# Large gap beween stove and wall



## WhatRnsdownhill (Jan 13, 2016)

try pushing the stove back against the wall..is there anything blocking you from doing this?


----------



## ChuckF. (Aug 25, 2013)

Maybe this: http://www.walmart.com/ip/Kleen-Seam-Silicone-Multi-Color/37115713


----------



## mikegp (Jul 17, 2011)

In my house the hard gas line comes through the cabinet and prevents the oven from being pushed back. Is there something behind your unit that prevents pushing it?


----------



## mikegp (Jul 17, 2011)

ChuckF. said:


> Maybe this: http://www.walmart.com/ip/Kleen-Seam-Silicone-Multi-Color/37115713


That looks like it's for the side of the stove. Between the appliance and the counter.


----------



## dd57chevy (Jun 21, 2015)

NMB said:


> Just moved into a condo. It has a slide-in electric range. There is a 2-3" gap between the wall and range. I realize I should redo the counter-top so it wraps around the range, but that's not in the budget just yet. Is there a temporary solution? It's going to drive me crazy if anything spills back there while cooking. Plus it just looks funny.

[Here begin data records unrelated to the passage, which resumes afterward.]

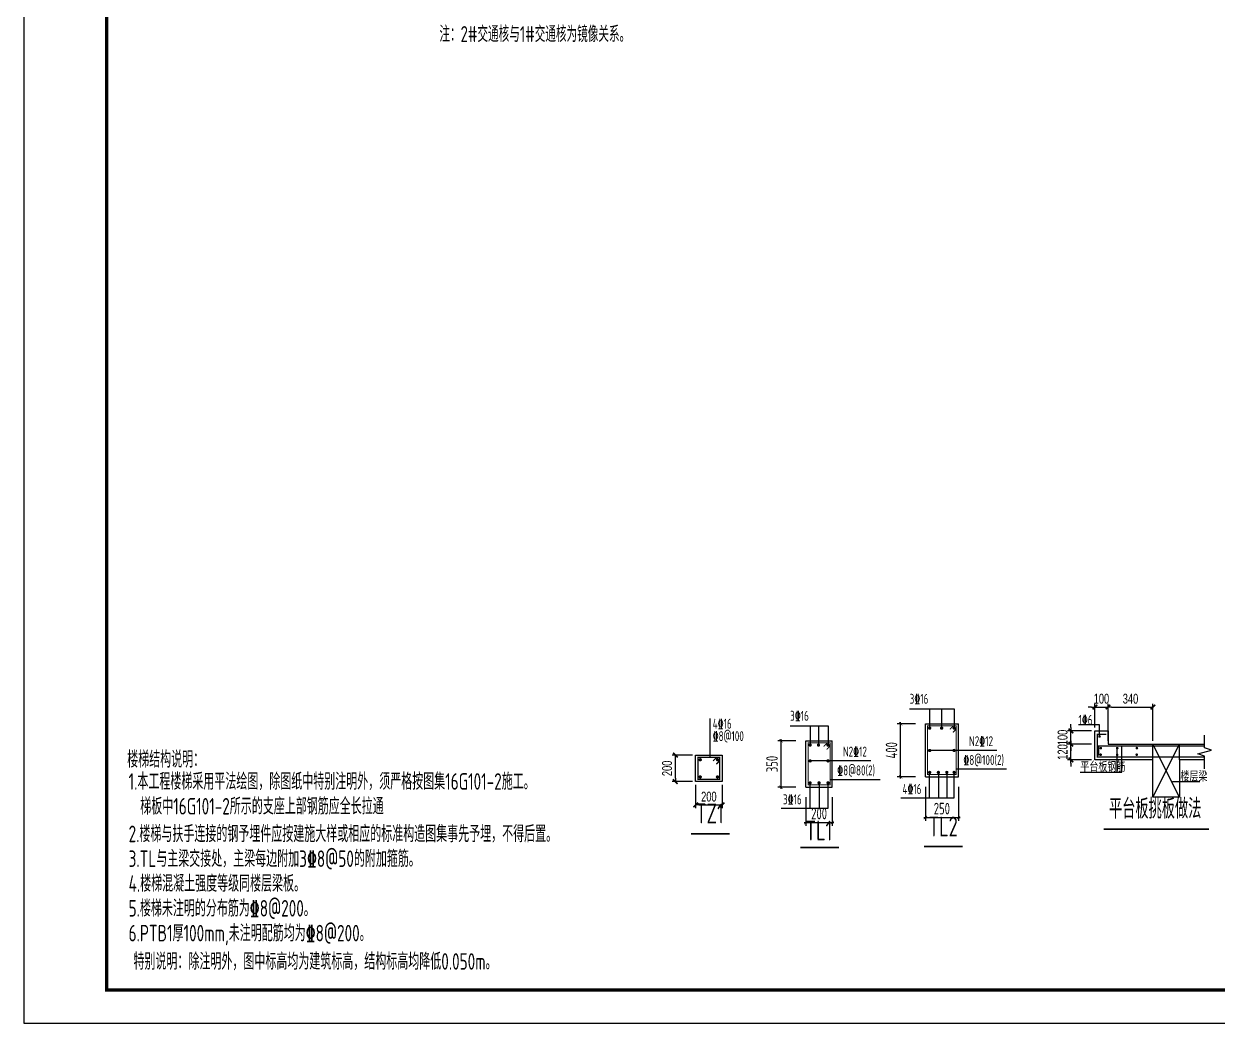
# Model space of a CAD drawing. Extents: x -461650 to 361314, y 245336 to 769729.
# Drawn here: x 254843 to 272905, y 704073 to 719178 of the extents above; entities that cross this region are included whole.
import ezdxf
from ezdxf.enums import TextEntityAlignment as Align

# ---------------------------------------------------------------- set-up
doc = ezdxf.new("R2010")
doc.units = 0
doc.header["$LTSCALE"] = 1000
doc.layers.get('0').update_dxf_attribs({"linetype": 'CONTINUOUS'})
doc.layers.get('DEFPOINTS').update_dxf_attribs({"linetype": 'CONTINUOUS'})
for name, color, linetype in [('-TK', 7, 'CONTINUOUS'), ('DIM', 2, 'CONTINUOUS'), ('FSK_DIM', 3, 'CONTINUOUS'), ('NUM', 7, 'CONTINUOUS'), ('PUB_TEXT', 2, 'CONTINUOUS'), ('REIN', 6, 'CONTINUOUS'), ('Sbeam-s', 3, 'CONTINUOUS'), ('TEXT', 2, 'CONTINUOUS'), ('THIN', 7, 'CONTINUOUS'), ('WALL', 5, 'CONTINUOUS'), ('大样详图_文字', 60, 'CONTINUOUS')]:
    doc.layers.add(name, color=color, linetype=linetype)
doc.styles.add('BW_Dim', font='Bweng.shx', dxfattribs={"width": 0.7, "bigfont": 'hztxt.shx'})
doc.styles.add('TSSD_DIMENSION', font='Tssdeng.shx', dxfattribs={"width": 0.7, "bigfont": 'tssdchn.shx'})
doc.styles.add('TSSD_Norm', font='Tssdeng.shx', dxfattribs={"bigfont": 'tssdchn.shx'})
doc.styles.add('TSSD_REIN', font='tssdeng.shx', dxfattribs={"width": 0.7, "height": 300, "bigfont": 'tssdchn.shx'})
doc.dimstyles.new('Cyz_25_50', dxfattribs={"dimtxt": 150, "dimasz": 50, "dimexe": 50, "dimexo": 50, "dimgap": 50, "dimtad": 1, "dimdec": 0, "dimlfac": 0.5, "dimzin": 0, "dimdsep": 46, "dimtxsty": 'BW_Dim', "dimblk": '_bwk', "dimcen": 0, "dimclrt": 7, "dimadec": 0, "dimazin": 0, "dimtfac": 1, "dimtdec": 0, "dimtix": 1, "dimtmove": 2, "dimatfit": 0, "dimfxl": 0, "dimtolj": 1, "dimtzin": 0, "dimarcsym": 0})
doc.dimstyles.new('TSSD_50_50', dxfattribs={"dimtxt": 175, "dimasz": 50, "dimexe": 50, "dimexo": 150, "dimgap": 50, "dimtad": 1, "dimdec": 0, "dimzin": 0, "dimdsep": 46, "dimtxsty": 'TSSD_DIMENSION', "dimblk": 'ARCHTICK', "dimcen": 0, "dimdle": 25, "dimclrt": 7, "dimadec": 0, "dimazin": 0, "dimtfac": 1, "dimtdec": 0, "dimtix": 1, "dimtmove": 2, "dimatfit": 3, "dimfxl": 0, "dimtolj": 1, "dimtzin": 0, "dimarcsym": 0})

# ---------------------------------------------------------------- blocks, each defined once
blk = doc.blocks.new('A1')
blk.add_lwpolyline([(0, 59400), (0, 0), (84100, 0), (84100, 59400)], close=True)
at = {"const_width": 100}
blk.add_lwpolyline([(2500, 58400), (2500, 1000), (83100, 1000), (83100, 58400)], close=True, dxfattribs=at)
blk = doc.blocks.new('_ArchTick')
at = {"color": 0, "linetype": 'ByBlock', "const_width": 0.15}
blk.add_lwpolyline([(-0.5, -0.5), (0.5, 0.5)], dxfattribs=at)
blk = doc.blocks.new('*D1512')
at = {"layer": 'DEFPOINTS', "color": 0}
for p in [(266670, 707640), (267070, 707640), (267070, 707104)]:
    blk.add_point(p, dxfattribs=at)
at = {"layer": 'DIM', "color": 0, "lineweight": -2}
for p, q in [((266670, 707490), (266670, 707054)), ((267070, 707490), (267070, 707054)), ((266645, 707104), (267095, 707104))]:
    blk.add_line(p, q, dxfattribs=at)
at = {"layer": 'DIM', "color": 0, "lineweight": -2, "xscale": 50, "yscale": 50, "zscale": 50, "rotation": 180}
blk.add_blockref('_ArchTick', (266670, 707104), dxfattribs=at)
at = {"layer": 'DIM', "color": 0, "lineweight": -2, "xscale": 50, "yscale": 50, "zscale": 50}
blk.add_blockref('_ArchTick', (267070, 707104), dxfattribs=at)
at = {"layer": 'DIM', "color": 7, "insert": (266870, 707241), "char_height": 175, "attachment_point": 5, "style": 'TSSD_DIMENSION'}
blk.add_mtext('\\A1;200', dxfattribs=at)
blk = doc.blocks.new('*D1513')
at = {"layer": 'DEFPOINTS', "color": 0}
for p in [(266295, 708340), (266670, 708340), (266670, 707640)]:
    blk.add_point(p, dxfattribs=at)
at = {"layer": 'DIM', "color": 0, "lineweight": -2}
for p, q in [((266520, 708340), (266245, 708340)), ((266295, 707615), (266295, 708365)), ((266520, 707640), (266245, 707640))]:
    blk.add_line(p, q, dxfattribs=at)
at = {"layer": 'DIM', "color": 0, "lineweight": -2, "xscale": 50, "yscale": 50, "zscale": 50}
for p, rotation in [((266295, 708340), 90), ((266295, 707640), 270)]:
    blk.add_blockref('_ArchTick', p, dxfattribs=dict(at, rotation=rotation))
at = {"layer": 'DIM', "color": 7, "insert": (266158, 707990), "char_height": 175, "attachment_point": 5, "rotation": 90, "style": 'TSSD_DIMENSION'}
blk.add_mtext('\\A1;350', dxfattribs=at)
blk = doc.blocks.new('_bwk')
blk.add_line((-1, 0), (0, 0))
at = {"const_width": 0.5}
blk.add_lwpolyline([(-0.7, -0.7), (0.7, 0.7)], dxfattribs=at)
blk = doc.blocks.new('*D1514')
at = {"layer": 'DEFPOINTS', "color": 0}
for p in [(264696, 708124), (265003, 708124), (265003, 707724)]:
    blk.add_point(p, dxfattribs=at)
at = {"layer": 'FSK_DIM', "color": 0, "lineweight": -2}
for p, q in [((264953, 708124), (264646, 708124)), ((264696, 707774), (264696, 708074)), ((264953, 707724), (264646, 707724))]:
    blk.add_line(p, q, dxfattribs=at)
at = {"layer": 'FSK_DIM', "color": 0, "lineweight": -2, "xscale": 50, "yscale": 50, "zscale": 50}
for p, rotation in [((264696, 708124), 90), ((264696, 707724), 270)]:
    blk.add_blockref('_bwk', p, dxfattribs=dict(at, rotation=rotation))
at = {"layer": 'FSK_DIM', "color": 7, "insert": (264571, 707924), "char_height": 150, "attachment_point": 5, "rotation": 90, "style": 'BW_Dim'}
blk.add_mtext('\\A1;200', dxfattribs=at)
blk = doc.blocks.new('*D1515')
at = {"layer": 'DEFPOINTS', "color": 0}
for p in [(265003, 707724), (265403, 707724), (265403, 707371)]:
    blk.add_point(p, dxfattribs=at)
at = {"layer": 'FSK_DIM', "color": 0, "lineweight": -2}
for p, q in [((265003, 707674), (265003, 707321)), ((265403, 707674), (265403, 707321)), ((265053, 707371), (265353, 707371))]:
    blk.add_line(p, q, dxfattribs=at)
at = {"layer": 'FSK_DIM', "color": 0, "lineweight": -2, "xscale": 50, "yscale": 50, "zscale": 50, "rotation": 180}
blk.add_blockref('_bwk', (265003, 707371), dxfattribs=at)
at = {"layer": 'FSK_DIM', "color": 0, "lineweight": -2, "xscale": 50, "yscale": 50, "zscale": 50}
blk.add_blockref('_bwk', (265403, 707371), dxfattribs=at)
at = {"layer": 'FSK_DIM', "color": 7, "insert": (265203, 707496), "char_height": 150, "attachment_point": 5, "style": 'BW_Dim'}
blk.add_mtext('\\A1;200', dxfattribs=at)
blk = doc.blocks.new('*D1496')
at = {"layer": 'DEFPOINTS', "color": 0}
for p in [(271240, 708851), (271040, 708491), (271240, 708491)]:
    blk.add_point(p, dxfattribs=at)
at = {"layer": 'FSK_DIM', "color": 0, "lineweight": -2}
for p, q in [((270990, 708851), (270940, 708851)), ((271040, 708541), (271040, 708901)), ((271040, 708851), (271240, 708851)), ((271240, 708541), (271240, 708901)), ((271290, 708851), (271340, 708851))]:
    blk.add_line(p, q, dxfattribs=at)
at = {"layer": 'FSK_DIM', "color": 0, "lineweight": -2, "xscale": 50, "yscale": 50, "zscale": 50}
blk.add_blockref('_bwk', (271040, 708851), dxfattribs=at)
at = {"layer": 'FSK_DIM', "color": 0, "lineweight": -2, "xscale": 50, "yscale": 50, "zscale": 50, "rotation": 180}
blk.add_blockref('_bwk', (271240, 708851), dxfattribs=at)
at = {"layer": 'FSK_DIM', "color": 7, "insert": (271140, 708976), "char_height": 150, "attachment_point": 5, "style": 'BW_Dim'}
blk.add_mtext('\\A1;100', dxfattribs=at)
blk = doc.blocks.new('*D1497')
at = {"layer": 'DEFPOINTS', "color": 0}
for p in [(271920, 708851), (271240, 708291), (271920, 708291)]:
    blk.add_point(p, dxfattribs=at)
at = {"layer": 'FSK_DIM', "color": 0, "lineweight": -2}
for p, q in [((271240, 708341), (271240, 708901)), ((271290, 708851), (271870, 708851)), ((271920, 708341), (271920, 708901))]:
    blk.add_line(p, q, dxfattribs=at)
at = {"layer": 'FSK_DIM', "color": 0, "lineweight": -2, "xscale": 50, "yscale": 50, "zscale": 50, "rotation": 180}
blk.add_blockref('_bwk', (271240, 708851), dxfattribs=at)
at = {"layer": 'FSK_DIM', "color": 0, "lineweight": -2, "xscale": 50, "yscale": 50, "zscale": 50}
blk.add_blockref('_bwk', (271920, 708851), dxfattribs=at)
at = {"layer": 'FSK_DIM', "color": 7, "insert": (271580, 708976), "char_height": 150, "attachment_point": 5, "style": 'BW_Dim'}
blk.add_mtext('\\A1;340', dxfattribs=at)
blk = doc.blocks.new('*D1498')
at = {"layer": 'DEFPOINTS', "color": 0}
for p in [(270678, 708291), (271040, 708291), (271040, 708051)]:
    blk.add_point(p, dxfattribs=at)
at = {"layer": 'FSK_DIM', "color": 0, "lineweight": -2}
for p, q in [((270678, 708341), (270678, 708391)), ((270990, 708291), (270628, 708291)), ((270678, 708051), (270678, 708291)), ((270990, 708051), (270628, 708051)), ((270678, 708001), (270678, 707951))]:
    blk.add_line(p, q, dxfattribs=at)
at = {"layer": 'FSK_DIM', "color": 0, "lineweight": -2, "xscale": 50, "yscale": 50, "zscale": 50}
for p, rotation in [((270678, 708291), 270), ((270678, 708051), 90)]:
    blk.add_blockref('_bwk', p, dxfattribs=dict(at, rotation=rotation))
at = {"layer": 'FSK_DIM', "color": 7, "insert": (270553, 708171), "char_height": 150, "attachment_point": 5, "rotation": 90, "style": 'BW_Dim'}
blk.add_mtext('\\A1;120', dxfattribs=at)
blk = doc.blocks.new('*D1499')
at = {"layer": 'DEFPOINTS', "color": 0}
for p in [(270678, 708491), (271040, 708491), (271040, 708291)]:
    blk.add_point(p, dxfattribs=at)
at = {"layer": 'FSK_DIM', "color": 0, "lineweight": -2}
for p, q in [((270678, 708541), (270678, 708591)), ((270990, 708491), (270628, 708491)), ((270678, 708291), (270678, 708491)), ((270990, 708291), (270628, 708291)), ((270678, 708241), (270678, 708191))]:
    blk.add_line(p, q, dxfattribs=at)
at = {"layer": 'FSK_DIM', "color": 0, "lineweight": -2, "xscale": 50, "yscale": 50, "zscale": 50}
for p, rotation in [((270678, 708491), 270), ((270678, 708291), 90)]:
    blk.add_blockref('_bwk', p, dxfattribs=dict(at, rotation=rotation))
at = {"layer": 'FSK_DIM', "color": 7, "insert": (270553, 708391), "char_height": 150, "attachment_point": 5, "rotation": 90, "style": 'BW_Dim'}
blk.add_mtext('\\A1;100', dxfattribs=at)
blk = doc.blocks.new('*D1501')
at = {"layer": 'DEFPOINTS', "color": 0}
for p in [(268477, 707797), (268977, 707797), (268977, 707179)]:
    blk.add_point(p, dxfattribs=at)
at = {"layer": 'DIM', "color": 0, "lineweight": -2}
for p, q in [((268477, 707647), (268477, 707129)), ((268977, 707647), (268977, 707129)), ((268452, 707179), (269002, 707179))]:
    blk.add_line(p, q, dxfattribs=at)
at = {"layer": 'DIM', "color": 0, "lineweight": -2, "xscale": 50, "yscale": 50, "zscale": 50, "rotation": 180}
blk.add_blockref('_ArchTick', (268477, 707179), dxfattribs=at)
at = {"layer": 'DIM', "color": 0, "lineweight": -2, "xscale": 50, "yscale": 50, "zscale": 50}
blk.add_blockref('_ArchTick', (268977, 707179), dxfattribs=at)
at = {"layer": 'DIM', "color": 7, "insert": (268727, 707316), "char_height": 175, "attachment_point": 5, "style": 'TSSD_DIMENSION'}
blk.add_mtext('\\A1;250', dxfattribs=at)
blk = doc.blocks.new('*D1502')
at = {"layer": 'DEFPOINTS', "color": 0}
for p in [(268103, 708597), (268477, 708597), (268477, 707797)]:
    blk.add_point(p, dxfattribs=at)
at = {"layer": 'DIM', "color": 0, "lineweight": -2}
for p, q in [((268327, 708597), (268053, 708597)), ((268103, 707772), (268103, 708622)), ((268327, 707797), (268053, 707797))]:
    blk.add_line(p, q, dxfattribs=at)
at = {"layer": 'DIM', "color": 0, "lineweight": -2, "xscale": 50, "yscale": 50, "zscale": 50}
for p, rotation in [((268103, 708597), 90), ((268103, 707797), 270)]:
    blk.add_blockref('_ArchTick', p, dxfattribs=dict(at, rotation=rotation))
at = {"layer": 'DIM', "color": 7, "insert": (267965, 708197), "char_height": 175, "attachment_point": 5, "rotation": 90, "style": 'TSSD_DIMENSION'}
blk.add_mtext('\\A1;400', dxfattribs=at)

msp = doc.modelspace()

# ---------------------------------------------------------------- linework, layer by layer
at = {"layer": 'NUM', "color": 7, "const_width": 25}
for points in [[(264931.7, 706934.31), (265516.76, 706934.31)], [(271173.93, 707006.68), (272767.99, 707006.68)], [(268457.03, 706743.56), (269042.09, 706743.56)], [(266587.85, 706725.61), (267172.91, 706725.61)]]:
    msp.add_lwpolyline(points, dxfattribs=at)
at = {"layer": 'REIN'}
for points, const_width in [([(268846.87, 708512.65), (268898.85, 708564.59), (268944.78, 708564.59), (268944.78, 707829.59), (268509.78, 707829.59), (268509.78, 708564.59), (268944.78, 708564.59), (268944.78, 708518.66), (268892.84, 708466.68)], 15), ([(271214.08, 708440.76), (271076.59, 708440.76), (271076.59, 708096.24), (272701.33, 708096.24)], 20), ([(266939.53, 708255.67), (266991.51, 708307.61), (267037.43, 708307.61), (267037.43, 707672.61), (266702.43, 707672.61), (266702.43, 708307.61), (267037.43, 708307.61), (267037.43, 708261.69), (266985.49, 708209.71)], 15), ([(271097.81, 708116.88), (271097.81, 708263.71), (272701.33, 708263.71)], 20), ([(265265.8, 708036.55), (265318.52, 708089.22), (265367.98, 708089.22), (265367.98, 707759.22), (265037.98, 707759.22), (265037.98, 708089.22), (265367.98, 708089.22), (265367.98, 708039.76), (265315.3, 707987.05)], 20)]:
    msp.add_lwpolyline(points, dxfattribs=dict(at, const_width=const_width))
for points, const_width in [([(268529.78, 708532.09, 1), (268554.78, 708532.09, 1)], 25), ([(268711.13, 708532.09, 1), (268736.13, 708532.09, 1)], 25), ([(268899.78, 708532.09, 1), (268924.78, 708532.09, 1)], 25), ([(271101.28, 708406.8, 1), (271121.28, 708406.8, 1)], 20), ([(266722.43, 708275.11, 1), (266747.43, 708275.11, 1)], 25), ([(266848.29, 708275.11, 1), (266873.29, 708275.11, 1)], 25), ([(266992.43, 708275.11, 1), (267017.43, 708275.11, 1)], 25), ([(268529.78, 708194.31, 1), (268554.78, 708194.31, 1)], 25), ([(268899.78, 708194.31, 1), (268924.78, 708194.31, 1)], 25), ([(271119.33, 708229.47, 1), (271139.33, 708229.47, 1)], 20), ([(271369.23, 708229.47, 1), (271389.23, 708229.47, 1)], 20), ([(271665.78, 708229.47, 1), (271685.78, 708229.47, 1)], 20), ([(265060.48, 708054.22, 1), (265085.48, 708054.22, 1)], 25), ([(265320.48, 708054.22, 1), (265345.48, 708054.22, 1)], 25), ([(266722.43, 708037.33, 1), (266747.43, 708037.33, 1)], 25), ([(266992.43, 708037.33, 1), (267017.43, 708037.33, 1)], 25), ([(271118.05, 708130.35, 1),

Is the gap on the _back _or on the _side_ of the range ?

:vs_worry:


----------



## mikegp (Jul 17, 2011)

Hmm, now that I reread it, maybe the range is against a wall on one side and there's a gap. I thought he meant behind. If that's the case, get a small piece of counter top and build something skinny that it can sit on. Finish the front with something that looks like your cabinets.


----------